IT Services

Two-Step Authentication

Two-Step Verification is now available for PennKey users! All PennDesign staff and faculty are required to opt in.

NOTE: Beginning February 14th of 2019, all students will be required to opt in for Two-Step authentication. 

If you have additional questions, please contact PennDesign ITS via ithelp@design.upenn.edu.

Enrolling in Two-Step

You can sign up for Two-Step via this portal. You can also visit the Two-Step Verification FAQ page to learn more about the available Two-Step methods.

Once you're enrolled with Two-Step authentication, all PennKey-protected forms and/or services will require you to verify your identity with Two-Step authentication.

You can avoid multiple Two-Step prompts by "trusting" the web browser on the device you're using, which secures that device and browser as "trusted." This will nullify Two-Step prompts on that device/browser for 30 days.

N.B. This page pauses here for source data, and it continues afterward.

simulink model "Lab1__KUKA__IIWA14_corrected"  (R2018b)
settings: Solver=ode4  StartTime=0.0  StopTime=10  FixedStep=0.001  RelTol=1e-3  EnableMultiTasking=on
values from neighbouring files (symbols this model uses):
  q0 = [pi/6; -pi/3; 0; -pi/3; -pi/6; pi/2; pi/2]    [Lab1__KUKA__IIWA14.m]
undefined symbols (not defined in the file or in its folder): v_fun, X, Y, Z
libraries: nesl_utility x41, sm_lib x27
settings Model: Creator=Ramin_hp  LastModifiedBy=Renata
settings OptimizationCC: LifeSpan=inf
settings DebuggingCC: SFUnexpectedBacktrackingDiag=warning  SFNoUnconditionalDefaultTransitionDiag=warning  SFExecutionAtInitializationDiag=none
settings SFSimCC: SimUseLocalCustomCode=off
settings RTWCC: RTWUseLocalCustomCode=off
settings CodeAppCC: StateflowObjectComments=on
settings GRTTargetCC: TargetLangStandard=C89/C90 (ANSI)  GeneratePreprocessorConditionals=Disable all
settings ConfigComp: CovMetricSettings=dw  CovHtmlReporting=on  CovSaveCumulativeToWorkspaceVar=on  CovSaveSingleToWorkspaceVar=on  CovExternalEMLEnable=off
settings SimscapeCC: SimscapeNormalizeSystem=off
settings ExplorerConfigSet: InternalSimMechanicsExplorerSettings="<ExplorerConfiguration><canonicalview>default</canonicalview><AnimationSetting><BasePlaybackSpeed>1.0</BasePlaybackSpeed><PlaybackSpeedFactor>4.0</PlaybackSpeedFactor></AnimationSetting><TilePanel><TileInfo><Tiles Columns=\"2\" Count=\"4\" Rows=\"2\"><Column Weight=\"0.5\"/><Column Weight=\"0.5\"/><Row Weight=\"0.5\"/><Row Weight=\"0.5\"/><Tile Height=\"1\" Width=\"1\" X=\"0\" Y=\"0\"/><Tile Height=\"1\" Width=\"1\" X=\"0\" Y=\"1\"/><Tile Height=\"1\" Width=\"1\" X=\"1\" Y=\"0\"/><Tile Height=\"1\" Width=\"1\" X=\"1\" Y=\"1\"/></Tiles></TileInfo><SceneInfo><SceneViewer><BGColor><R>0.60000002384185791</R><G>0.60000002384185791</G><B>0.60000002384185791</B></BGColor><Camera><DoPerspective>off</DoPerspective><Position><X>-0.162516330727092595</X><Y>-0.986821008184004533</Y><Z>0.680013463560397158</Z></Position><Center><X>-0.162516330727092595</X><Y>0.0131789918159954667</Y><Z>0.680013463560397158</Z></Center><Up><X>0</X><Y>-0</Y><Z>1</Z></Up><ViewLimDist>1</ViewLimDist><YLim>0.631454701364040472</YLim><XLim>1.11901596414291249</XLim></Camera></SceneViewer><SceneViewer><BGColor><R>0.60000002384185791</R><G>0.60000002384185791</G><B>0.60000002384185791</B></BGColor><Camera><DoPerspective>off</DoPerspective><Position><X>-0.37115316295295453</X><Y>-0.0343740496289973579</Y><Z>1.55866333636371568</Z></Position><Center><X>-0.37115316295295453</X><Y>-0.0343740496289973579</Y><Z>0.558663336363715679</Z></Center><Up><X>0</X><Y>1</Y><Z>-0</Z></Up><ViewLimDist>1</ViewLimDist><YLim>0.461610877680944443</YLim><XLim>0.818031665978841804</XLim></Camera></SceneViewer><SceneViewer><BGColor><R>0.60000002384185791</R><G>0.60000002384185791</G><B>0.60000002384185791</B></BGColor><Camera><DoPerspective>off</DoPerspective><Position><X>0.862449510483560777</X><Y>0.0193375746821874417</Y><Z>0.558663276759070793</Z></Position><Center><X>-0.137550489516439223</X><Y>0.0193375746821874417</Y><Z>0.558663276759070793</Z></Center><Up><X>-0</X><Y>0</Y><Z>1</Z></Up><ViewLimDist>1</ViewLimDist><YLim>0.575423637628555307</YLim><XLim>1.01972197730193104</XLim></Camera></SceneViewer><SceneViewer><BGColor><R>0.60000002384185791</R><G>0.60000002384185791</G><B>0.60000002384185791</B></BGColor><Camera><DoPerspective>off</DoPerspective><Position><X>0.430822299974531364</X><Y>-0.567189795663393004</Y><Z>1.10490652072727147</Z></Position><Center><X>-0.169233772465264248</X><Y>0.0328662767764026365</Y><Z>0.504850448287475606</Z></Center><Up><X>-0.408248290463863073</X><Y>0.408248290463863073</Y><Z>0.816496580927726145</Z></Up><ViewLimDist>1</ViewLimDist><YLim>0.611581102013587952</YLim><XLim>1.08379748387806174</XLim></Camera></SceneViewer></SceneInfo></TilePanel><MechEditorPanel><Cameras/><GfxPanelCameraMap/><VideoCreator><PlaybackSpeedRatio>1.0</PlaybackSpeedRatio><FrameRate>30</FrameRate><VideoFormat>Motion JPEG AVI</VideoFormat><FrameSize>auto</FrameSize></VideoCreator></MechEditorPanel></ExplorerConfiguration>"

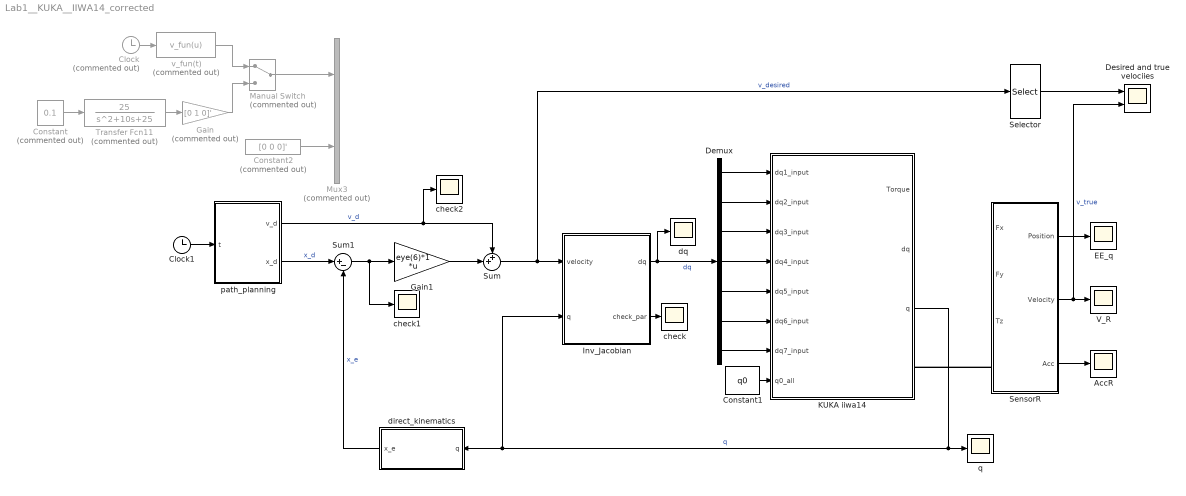
== system Lab1__KUKA__IIWA14_corrected ==
  AccR : Scope
  Clock : Clock  Commented=on
  Clock1 : Clock
  Constant : Constant  Commented=on  Value=0.1
  Constant1 : Constant  Value=q0
  Constant2 : Constant  Commented=on  Value=[0 0 0]'  VectorParams1D=off
  Demux : Demux  Outputs=7
  Desired and true velociies : Scope  NumInputPorts=2
  EE_q : Scope
  Gain : Gain  Commented=on  Gain=[0 1 0]'
  Gain1 : Gain  Gain=eye(6)*1  Multiplication=Matrix(K*u)
  Inv_Jacobian : Subsystem
  KUKA iiwa14 : Subsystem
  Manual Switch : ManualSwitch  Commented=on
  Mux3 : Mux  Commented=on  Inputs=2
  Selector : Selector  InputPortWidth=6  IndexOptions=Index vector (dialog)  Indices=[1 2 3]  OutputSizes=1
  SensorR : Subsystem
  Sum : Sum  Inputs=++|
  Sum1 : Sum  Inputs=|+-
  Transfer Fcn11 : TransferFcn  Commented=on  Numerator=[25]  Denominator=[1 10 25]
  V_R : Scope
  check : Scope
  check1 : Scope
  check2 : Scope
  direct_kinematics : MATLAB Function  TreatAsAtomicUnit=on
  dq : Scope
  path_planning : MATLAB Function  TreatAsAtomicUnit=on
  q : Scope
  v_fun(t) : MATLABFcn  Commented=on  MATLABFcn=v_fun(u)  OutputDimensions=3
  wires:
  Constant1/1 -> KUKA iiwa14/8(q0_all)
  SensorR/2(Velocity) -> Desired and true velociies/2, V_R/1  "v_true"
  SensorR/3(Acc) -> AccR/1
  SensorR/1(Position) -> EE_q/1
  Demux/5 -> KUKA iiwa14/5(dq5_input)
  Demux/4 -> KUKA iiwa14/4(dq4_input)
  Demux/6 -> KUKA iiwa14/6(dq6_input)
  Demux/1 -> KUKA iiwa14/1(dq1_input)
  Demux/2 -> KUKA iiwa14/2(dq2_input)
  Demux/3 -> KUKA iiwa14/3(dq3_input)
  path_planning/1(v_d) -> check2/1, Sum/1  "v_d"
  Demux/7 -> KUKA iiwa14/7(dq7_input)
  Inv_Jacobian/1(dq) -> Demux/1, dq/1  "dq"
  Clock/1 -> v_fun(t)/1
  v_fun(t)/1 -> Manual Switch/1
  Constant/1 -> Transfer Fcn11/1
  Constant2/1 -> Mux3/2
  Transfer Fcn11/1 -> Gain/1
  Gain/1 -> Manual Switch/2
  Manual Switch/1 -> Mux3/1
  Inv_Jacobian/2(check_par) -> check/1
  Sum/1 -> Inv_Jacobian/1(velocity), Selector/1  "v_desired"
  Gain1/1 -> Sum/2
  KUKA iiwa14/3(q) -> Inv_Jacobian/2(q), direct_kinematics/1(q), q/1  "q"
  direct_kinematics/1(x_e) -> Sum1/2  "x_e"
  Sum1/1 -> check1/1, Gain1/1
  path_planning/2(x_d) -> Sum1/1  "x_d"
  Clock1/1 -> path_planning/1(t)
  Selector/1 -> Desired and true velociies/1
  connections:
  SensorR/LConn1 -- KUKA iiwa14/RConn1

Methods of Two-Step Authentication

There are a multitude of ways to authenticate with Two-Step. They include:

  • Duo Mobile Smartphone App (Preferred Method)
  • Text or Phone Call
  • Generate List of 20 Authentication Codes
  • Keychain FOB (these are sold by the Penn Computer Connection)

Technical Issues

Common issues with setting up Two-Step authentication may include the following:

  • New phone
    • Refer end user to the Two-Step Manage Settings page to register new device (This will require generating a Two-Step code by recovery options tied to your Two-Step account).
  • Authenticator code not being accepted
    • App: ensure device is using Network time server
    • Fob: A token can get "out of sync" if the button is pressed too many times in a row and the generated passcodes aren't used for login. In some cases, this can happen by accident if the token is stored next to other objects in a pocket, backpack, etc. Generate three passcodes in a row to attempt to resynchronize the token.